In Gaitsgory's example above, $G = GL_2$, $Y_0$ is the moduli space of lattices $L$ contained in $L^0 = \mathcal{O} \oplus \mathcal{O}$ with $\dim(L^0/L) = 1$. $Y_0$ is isomorphic to $\mathbb{P}^1$ and we are interested in the closure of its image in $Fl$ as $\epsilon \rightarrow 0$. 
Let $a_1, a_2$ denote the two $T-$fixed points of $Y_0$ such that $a_1 = \mathcal{O} \oplus t\mathcal{O}$ and $a_2 = t\mathcal{O} \oplus \mathcal{O}$ as lattices.
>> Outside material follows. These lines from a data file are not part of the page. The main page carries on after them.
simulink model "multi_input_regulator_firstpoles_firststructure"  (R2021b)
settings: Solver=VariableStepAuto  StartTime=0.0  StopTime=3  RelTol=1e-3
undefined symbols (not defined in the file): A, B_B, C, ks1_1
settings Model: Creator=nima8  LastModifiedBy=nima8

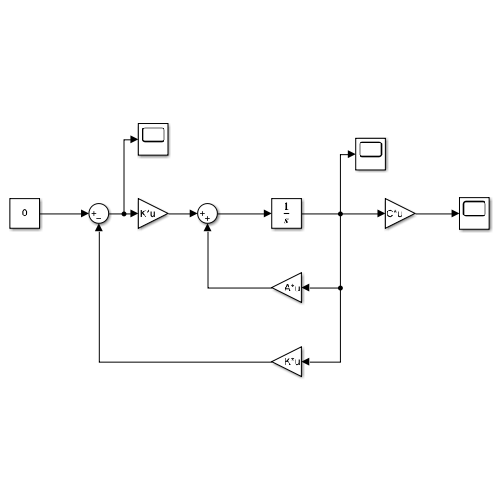
[thumbnail: Simulink's stored preview of the top-level diagram]
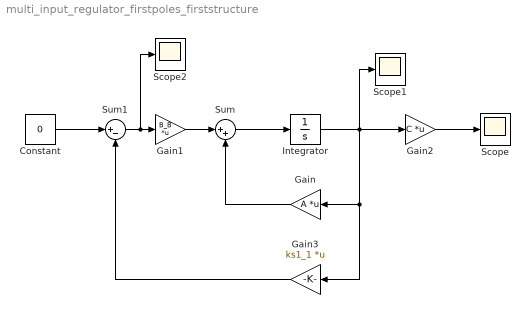
== system multi_input_regulator_firstpoles_firststructure ==
  Constant : Constant  Value=0
  Gain : Gain  Gain=A  Multiplication=Matrix(K*u)
  Gain1 : Gain  Gain=B_B  Multiplication=Matrix(K*u)
  Gain2 : Gain  Gain=C  Multiplication=Matrix(K*u)
  Gain3 : Gain  Gain=ks1_1  Multiplication=Matrix(K*u)
  Integrator : Integrator  InitialCondition=[1 0.5 -1 2]
  Scope : Scope
  Scope1 : Scope
  Scope2 : Scope
  Sum : Sum  Inputs=|++
  Sum1 : Sum  Inputs=|+-
  wires:
  Sum/1 -> Integrator/1
  Gain/1 -> Sum/2
  Gain2/1 -> Scope/1
  Integrator/1 -> Scope1/1, Gain/1, Gain3/1, Gain2/1
  Gain1/1 -> Sum/1
  Gain3/1 -> Sum1/2
  Sum1/1 -> Scope2/1, Gain1/1
  Constant/1 -> Sum1/1
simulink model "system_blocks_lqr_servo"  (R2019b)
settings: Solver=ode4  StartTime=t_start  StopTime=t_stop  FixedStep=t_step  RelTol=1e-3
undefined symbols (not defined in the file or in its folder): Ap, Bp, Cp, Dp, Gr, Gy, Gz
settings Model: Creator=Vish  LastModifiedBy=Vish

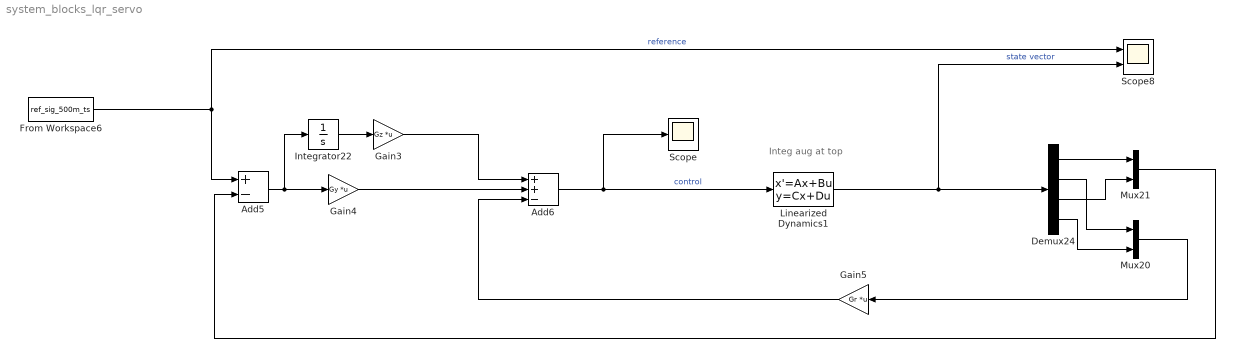
== system system_blocks_lqr_servo ==
  note: Integ aug at top
  Add5 : Sum  Inputs=+-
  Add6 : Sum  Inputs=++-
  Demux24 : Demux
  From Workspace6 : FromWorkspace  VariableName=ref_sig_500m_ts  SampleTime=0
  Gain3 : Gain  Gain=Gz  Multiplication=Matrix(K*u)
  Gain4 : Gain  Gain=Gy  Multiplication=Matrix(K*u)
  Gain5 : Gain  Gain=Gr  Multiplication=Matrix(K*u)
  Integrator22 : Integrator
  Linearized Dynamics1 : StateSpace  A=Ap  B=Bp  C=Cp  D=Dp  InitialCondition=[-3,0,0,0]
  Mux20 : Mux  Inputs=2
  Mux21 : Mux  Inputs=2
  Scope : Scope
  Scope8 : Scope  NumInputPorts=2
  wires:
  Demux24/3 -> Mux21/2
  Mux21/1 -> Add5/2
  Add5/1 -> Gain4/1, Integrator22/1
  Demux24/1 -> Mux21/1
  Demux24/4 -> Mux20/2
  Add6/1 -> Scope/1, Linearized Dynamics1/1  "control"
  Linearized Dynamics1/1 -> Scope8/2, Demux24/1  "state vector"
  From Workspace6/1 -> Scope8/1, Add5/1  "reference"
  Integrator22/1 -> Gain3/1
  Gain3/1 -> Add6/1
  Gain4/1 -> Add6/2
  Demux24/2 -> Mux20/1
  Mux20/1 -> Gain5/1
  Gain5/1 -> Add6/3

As $\epsilon \rightarrow 0$, the image of $a_1$ and $a_2$ are the points $(a_1, l), (a_2, l')$ in $Fl$, where $l$ and $l'$ are the lines fixed by $B$ in the respective flag varieties. 
Another $T-$fixed point in $Fl$ that is in the closure of the image of $Y_0$ is 
$(a_1, l')$. For the family of lattices $a_1 + \epsilon^2 a_2$, $l'$ is the right flag to pick in $G/B$ $\forall \epsilon \neq 0$.
Overall, the image of $Y_0$ in $Fl$ as $\epsilon \rightarrow 0$ is two copies of $\mathbb{P}^1$ that connects these three $T-$fixed points.
A: Let $G$ be a split reductive group over a field $k$. Let $T\subset B$ a maximal split torus contained in a Borel. Denote by $X_*(T)$ the group of cocharacters of $T$. To every $\mu\in X_*(T)$ there is associated an element $t^\mu\in G(k((t)))$. Let $Gr_\mu$ be the reduced closure of the $G(k[[t]])$-orbit of $t^\mu\cdot e_0$ in $Gr$, where $e_0$ denotes the base point of $Gr$. In this case the image of the closed subvariety $Gr_\mu\times\{e\}\subset Gr\times G/B$ in the affine flag variety $Fl$ as $\epsilon\to 0$ was first determined by X. Zhu in his paper "On the coherence conjecture of Pappas and Rapoport", Theorem 3.8: 
http://arxiv.org/pdf/1012.5979v3.pdf
Let me sketch his result. Let $I$ be the preimage of the Borel $B$ under the reduction map $G(k[[t]])\to G$, $t\mapsto 0$. For every $\mu\in X_*(T)$, let $Fl_\mu$ be the reduced closure of the $I$-orbit of $t^\mu\cdot e_0$ in $Fl$. Then Zhu shows that the image of $Gr_\mu\times\{e\}$ in $Fl$ is the union of the $Fl_\lambda$, where $\lambda$ runs over all translates of $\mu$ under the finite Weyl group acting on $X_*(T)$. 
In the case $G=Gl_n$, $B$ the upper triangular Borel and $T$ the diagonal torus, we have $X_*(T)=\mathbb{Z}^n$ and the finite Weyl group is just the symmetric group on $n$ elements acting on $\mathbb{Z}^n$ by permuting the coordinates. 
Note that Zhu's family $Fl_{\mathbb{A}^1}$ slightly differs from Gaitsgory's family: there is not extra $G/B$-factor. In fact his results work for more general reductive groups and use the theory of Bruhat-Tits group schemes.